P1D1: Workflow and Github
Finishing up technology installation
Does everyone have R, Python, Git, and VScode installed?
Git(hub) workflow
Git
Download and install
- Download git.
- Make sure git is working on your computer (https://git-scm.com/) A. Mac fix with paths
B. Download Xcode and update 10 gig download.
Configure Git
We have to set some configurations.
- Open the Terminal in VS Code.
- Set your username:
git config --global user.name 'FIRST_NAME LAST_NAME'
- Set your email address:
git config --global user.email 'MY_NAME@example.com'
The Git workflow
Folder management suggestions on your computer
I don’t think you should organize your computer files by course. Especially with course numbers. If you need to have your information in class folders, think about shortcuts to your git folders.
- Git repos are usually connected to Github so don’t have them in your OneDrive, Google Drive, or iCloud.

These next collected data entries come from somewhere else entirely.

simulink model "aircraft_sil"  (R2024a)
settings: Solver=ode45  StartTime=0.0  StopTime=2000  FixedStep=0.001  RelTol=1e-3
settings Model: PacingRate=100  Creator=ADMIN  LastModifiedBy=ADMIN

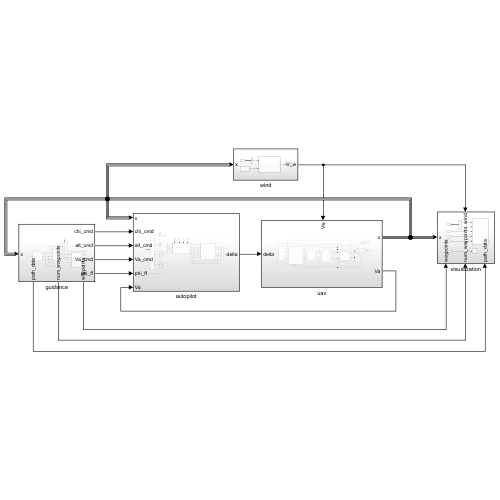
[thumbnail: Simulink's stored preview of the top-level diagram]
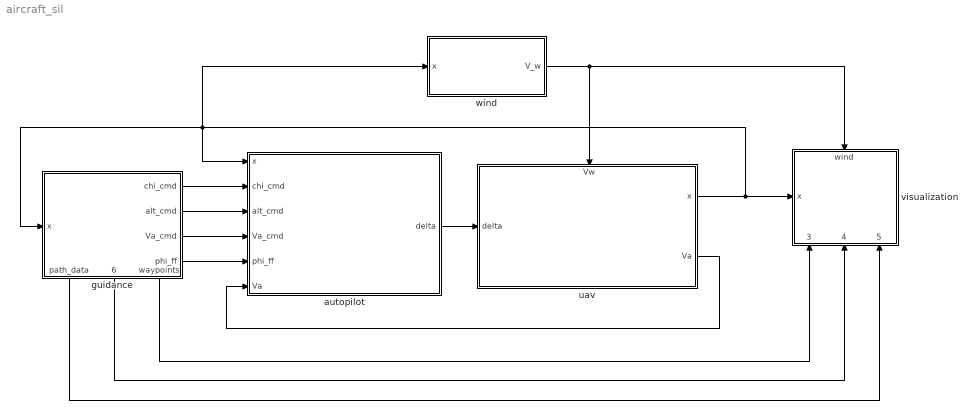
== system aircraft_sil ==
  "autopilot " : Subsystem
  guidance : Subsystem
      settings: PortSchema="{\"entries\":[{\"content\":{\"sides\":[{\"content\":{\"connectorIds\":[\"In1\"]},\"type\":\"ConnectorPlacement.EquallySpacedRectSide\",\"uuid\":\"7fb118f2-0b04-48cb-ae03-a27655c87a81\"},{\"content\":{\"connectorIds\":[\"Out1\",\"Out2\",\"Out3\",\"Out4\"],\"side\":\"RIGHT\"},\"type\":\"ConnectorPlacement.EquallySpacedRectSide\",\"uuid\":\"d962d9a4-ae5c-41e4-a82c-02c820f08147\"},{\"content\":{\"side\":\"TOP\"},\"type\":\"ConnectorPlacement.EquallySpacedRectSide\",\"uuid\":\"7cbabbb1-f237-4845-8a04-8eadc07c3469\"},{\"content\":{\"connectorIds\":[\"Out5\",\"Out6\",\"Out7\"],\"side\":\"BOTTOM\"},\"type\":\"ConnectorPlacement.EquallySpacedRectSide\",\"uuid\":\"34cfda24-2f18-4e48-95bb-4ae1da1686ef\"}]},\"type\":\"ConnectorPlacement.EquallySpacedConnector\",\"uuid\":\"2c187929-5ea7-462b-8474-1f36e513e0be\"}],\"packageUris\":[\"http://schema.mathworks.com/mf0/Connector/R2020b\"],\"version\":\"1.0\"}"
  "uav " : Subsystem
      settings: PortSchema="{\"entries\":[{\"content\":{\"sides\":[{\"content\":{\"connectorIds\":[\"In1\"]},\"type\":\"ConnectorPlacement.EquallySpacedRectSide\",\"uuid\":\"a7b46c76-63bb-4654-bcb2-91627cecb901\"},{\"content\":{\"connectorIds\":[\"Out1\",\"Out2\"],\"side\":\"RIGHT\"},\"type\":\"ConnectorPlacement.EquallySpacedRectSide\",\"uuid\":\"e45597e5-281a-43ae-9b8f-01f809ae90a8\"},{\"content\":{\"connectorIds\":[\"In2\"],\"side\":\"TOP\"},\"type\":\"ConnectorPlacement.EquallySpacedRectSide\",\"uuid\":\"e4f93d17-0834-49b6-953c-d959a9d487bc\"}]},\"type\":\"ConnectorPlacement.EquallySpacedConnector\",\"uuid\":\"aee35d44-0504-4876-b308-b0d63ae44a1f\"}],\"packageUris\":[\"http://schema.mathworks.com/mf0/Connector/R2020b\"],\"version\":\"1.0\"}"
  visualization : Subsystem
      settings: PortSchema="{\"entries\":[{\"content\":{\"sides\":[{\"content\":{\"connectorIds\":[\"In1\"]},\"type\":\"ConnectorPlacement.EquallySpacedRectSide\",\"uuid\":\"3ca85e6b-5690-4cee-b297-0410b8eb8b03\"},{\"content\":{\"side\":\"RIGHT\"},\"type\":\"ConnectorPlacement.EquallySpacedRectSide\",\"uuid\":\"b077d845-b4f0-4046-b1ae-a0ce879f315b\"},{\"content\":{\"connectorIds\":[\"In2\"],\"side\":\"TOP\"},\"type\":\"ConnectorPlacement.EquallySpacedRectSide\",\"uuid\":\"5282982d-07cb-4dd6-a7f3-d3fc714f27f8\"},{\"content\":{\"connectorIds\":[\"In3\",\"In4\",\"In5\"],\"side\":\"BOTTOM\"},\"type\":\"ConnectorPlacement.EquallySpacedRectSide\",\"uuid\":\"bf9b25fd-1836-4065-b749-44a2e35219bb\"}]},\"type\":\"ConnectorPlacement.EquallySpacedConnector\",\"uuid\":\"6eccf57b-fb72-419b-a501-32d6f52412a8\"}],\"packageUris\":[\"http://schema.mathworks.com/mf0/Connector/R2020b\"],\"version\":\"1.0\"}"
  wind : Subsystem
  wires:
  wind/1(V_w) -> visualization/2(wind), "uav "/2(Vw)
  "uav "/1(x) -> "autopilot "/1(x), guidance/1(x), wind/1(x), visualization/1(x)
  "autopilot "/1(delta) -> "uav "/1(delta)
  guidance/1(chi_cmd) -> "autopilot "/2(chi_cmd)
  guidance/2(alt_cmd) -> "autopilot "/3(alt_cmd)
  "uav "/2(Va) -> "autopilot "/6(Va)
  guidance/3(Va_cmd) -> "autopilot "/4(Va_cmd)
  guidance/4(phi_ff) -> "autopilot "/5(phi_ff)
  guidance/7(waypoints) -> visualization/3(waypoints)
  guidance/6(num_waypoints) -> visualization/4(num_waypoints)
  guidance/5(path_data) -> visualization/5(path_data)

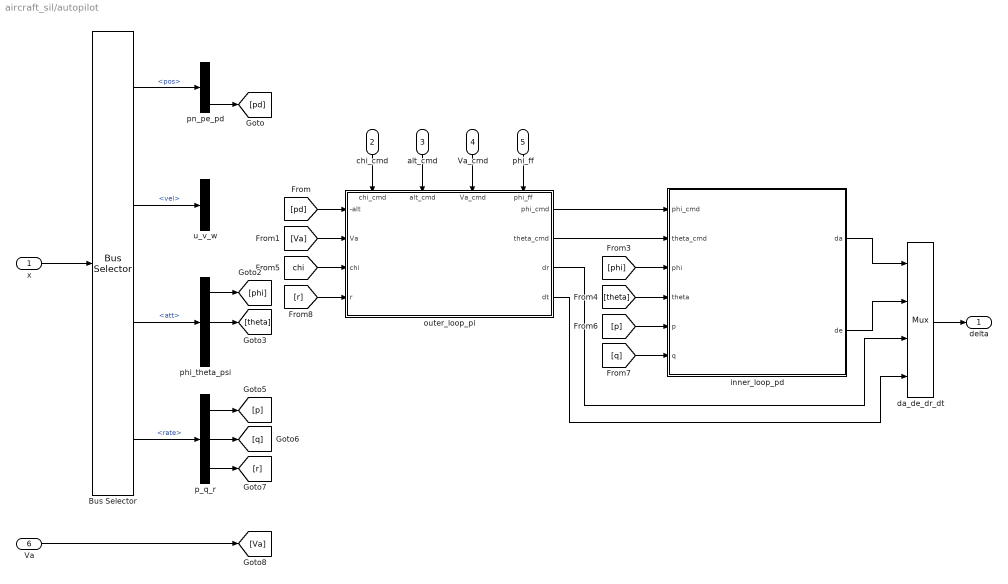
== system aircraft_sil/autopilot  ==
  x : Inport
  chi_cmd : Inport  Port=2
  alt_cmd : Inport  Port=3
  Va_cmd : Inport  Port=4
  phi_ff : Inport  Port=5
  Va : Inport  Port=6
  Bus Selector : BusSelector  OutputSignals=pos,vel,att,rate
  da_de_dr_dt : Mux
  inner_loop_pd : Subsystem
  outer_loop_pi : Subsystem
      settings: PortSchema="{\"entries\":[{\"content\":{\"sides\":[{\"content\":{\"connectorIds\":[\"In1\",\"In2\",\"In3\",\"In4\"]},\"type\":\"ConnectorPlacement.EquallySpacedRectSide\",\"uuid\":\"f8b93ce5-1209-4743-a4f6-40947377afa0\"},{\"content\":{\"connectorIds\":[\"Out1\",\"Out2\",\"Out3\",\"Out4\"],\"side\":\"RIGHT\"},\"type\":\"ConnectorPlacement.EquallySpacedRectSide\",\"uuid\":\"38b86da4-8ea0-4db2-a7be-1fc292de95ff\"},{\"content\":{\"connectorIds\":[\"In5\",\"In6\",\"In7\",\"In8\"],\"side\":\"TOP\"},\"type\":\"ConnectorPlacement.EquallySpacedRectSide\",\"uuid\":\"879dde49-1a12-4f2d-a7d9-4a8a8e5f8381\"}]},\"type\":\"ConnectorPlacement.EquallySpacedConnector\",\"uuid\":\"28f217f5-b437-4f7c-874d-3ab28b03532d\"}],\"packageUris\":[\"http://schema.mathworks.com/mf0/Connector/R2020b\"],\"version\":\"1.0\"}"
  p_q_r : Demux  Outputs=3
  phi_theta_psi : Demux  Outputs=3
  pn_pe_pd : Demux  Outputs=3
  u_v_w : Demux  Outputs=3
  delta : Outport
  wires:
  da_de_dr_dt/1 -> delta/1
  Bus Selector/3 -> phi_theta_psi/1  "<att>"
  Bus Selector/4 -> p_q_r/1  "<rate>"
  Bus Selector/1 -> pn_pe_pd/1  "<pos>"
  Bus Selector/2 -> u_v_w/1  "<vel>"
  inner_loop_pd/1(da) -> da_de_dr_dt/1
  inner_loop_pd/2(de) -> da_de_dr_dt/2
  outer_loop_pi/1(phi_cmd) -> inner_loop_pd/1(phi_cmd)
  outer_loop_pi/2(theta_cmd) -> inner_loop_pd/2(theta_cmd)
  outer_loop_pi/3(dr) -> da_de_dr_dt/3
  outer_loop_pi/4(dt) -> da_de_dr_dt/4
  pn_pe_pd/3 -> [pd]
  [pd] -> outer_loop_pi/1(-alt)
  [Va] -> outer_loop_pi/2(Va)
  phi_theta_psi/1 -> [phi]
  [phi] -> inner_loop_pd/3(phi)
  phi_theta_psi/2 -> [theta]
  [theta] -> inner_loop_pd/4(theta)
  [chi] -> outer_loop_pi/3(chi)
  p_q_r/1 -> [p]
  p_q_r/2 -> [q]
  [p] -> inner_loop_pd/5(p)
  [q] -> inner_loop_pd/6(q)
  p_q_r/3 -> [r]
  [r] -> outer_loop_pi/4(r)
  chi_cmd/1 -> outer_loop_pi/5(chi_cmd)
  alt_cmd/1 -> outer_loop_pi/6(alt_cmd)
  x/1 -> Bus Selector/1
  Va/1 -> [Va]
  Va_cmd/1 -> outer_loop_pi/7(Va_cmd)
  phi_ff/1 -> outer_loop_pi/8(phi_ff)

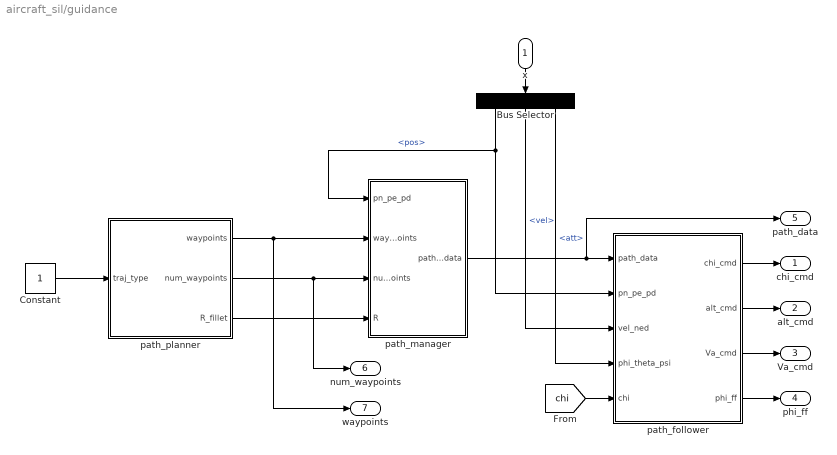
== system aircraft_sil/guidance ==
  x : Inport
  Bus Selector : BusSelector  OutputSignals=pos,vel,att
  Constant : Constant
  path_follower : MATLAB Function  TreatAsAtomicUnit=on
  path_manager : MATLAB Function  TreatAsAtomicUnit=on
  path_planner : MATLAB Function  TreatAsAtomicUnit=on
  chi_cmd : Outport
  alt_cmd : Outport  Port=2
  Va_cmd : Outport  Port=3
  phi_ff : Outport  Port=4
  path_data : Outport  Port=5
  num_waypoints : Outport  Port=6
  waypoints : Outport  Port=7
  wires:
  x/1 -> Bus Selector/1
  Bus Selector/1 -> path_manager/1(pn_pe_pd), path_follower/2(pn_pe_pd)  "<pos>"
  path_manager/1(path_data) -> path_data/1, path_follower/1(path_data)
  path_follower/1(chi_cmd) -> chi_cmd/1
  path_follower/2(alt_cmd) -> alt_cmd/1
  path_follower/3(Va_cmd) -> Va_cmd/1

- I store all my Github repos within a
git
folder with each organization having its own folder. - We are going to have
>9
repositories cloned to our computers for this class.
Github
Make sure you realize that GitHub is key to your employment as a Data Scientist.
This is GitHub, the world’s largest code repository platform online. A platform used by some 50 million software developers to host their coding projects, most of them open-source — meaning others can access their codes and modify them to create better versions if they feel like.
Most of the internet is produced or hosted on GitHub in the form of code. “What Gmail is to email, GitHub is to writing software,” says Kiran Jonnalagadda, cofounder of HasGeek, a platform to build and discover peer groups.
Read more here.
A key differentiator between an analyst and a data scientist
It signals that you are a programmer as well as an analyst.
Github is our version control and we have everything on Github. Definitely having strong git experience is very helpful. The way my team is using it is through forking. We fork the main file and then pull from and to it to update the code.
Keaton Sant, Data Scientist at John Deere
Is it going to hurt?
Yes.
It feels weird at first but quickly becomes second nature. More bad news. Our pain will be short-lived because students primarily work in their own repositories. Do you use GitHub to work with other people or to coordinate your own work from multiple computers? If so, after you recover from the initial setup, Git will crush you again with merge conflicts. And this is not one-time pain, this could be a dull ache for a long time. The best remedy is prevention, but also understanding how to back out of tricky situations and tackle them on your own terms.
Managing a project via Git/GitHub is much more like the Google Doc scenario and enjoys many of the same advantages. It is definitely more complicated than collaborating on a Google Doc, but this puts you in the right mindset. ref
Github and education guidelines
- Don’t post assignments
- Do post unique code and projects using skills from your classes
- Use private repos with student education account to manage your course work
- Use it to communicate
Managing your Github space
If you are trying to get a job, then your Github space should be organized. Take the time to make this space your coding ‘social media’ where people see the best side of your work.
- Make your landing page stand out by Managing your profile README. Use this guide for additional inspiration.
- Track your work and share it with the world.
- Organize and document your repositories. Here are some great examples
- Find a project you could support (long term goal).
Github’s other tools
Github desires to be the social communication tool for coders reference. Versioning and sharing code is the core. However, ignoring the other available tools is not wise.
- Github pages
- Project and Organization Wikis (D3 Example)
- Issues
- Discussions
- Projects
- Github Actions (I use the peaceiris action for hugo for our data science programming course at BYUI The R for Data Science book does as well)
Your peronsal data projects work flow
You don’t need to make these projects complicated. These projects are built to show your work using the skills you have developed during the course. I would make sure that these are presentable in your Github space. You want to demonstrate your creativity. You could use the following links to find a new data set. __Please use the template provided in our Github Org
Let’s start our space for our first personal data project
- Go to our org’s personal project template
- Click on the green button that says
Use this template
. - Pick a location. Use your space as the owner.
- Name your project
[title]-[lastname]-[languagesused]
. You can change this later. - Decide on public or private. I recommend public. You can also change this later.
- Clone this project to your local computer using Github.
Our class projects workflow
- Go to our first class project
- Click on the green button that says
Use this template
. - Pick a location. Use our org as the owner.
- Name your project
p1-[lastname]
. You can change this later. - Make this repo private.
- Add the class as viewers to your repo.
- Clone this project to your local computer using Github.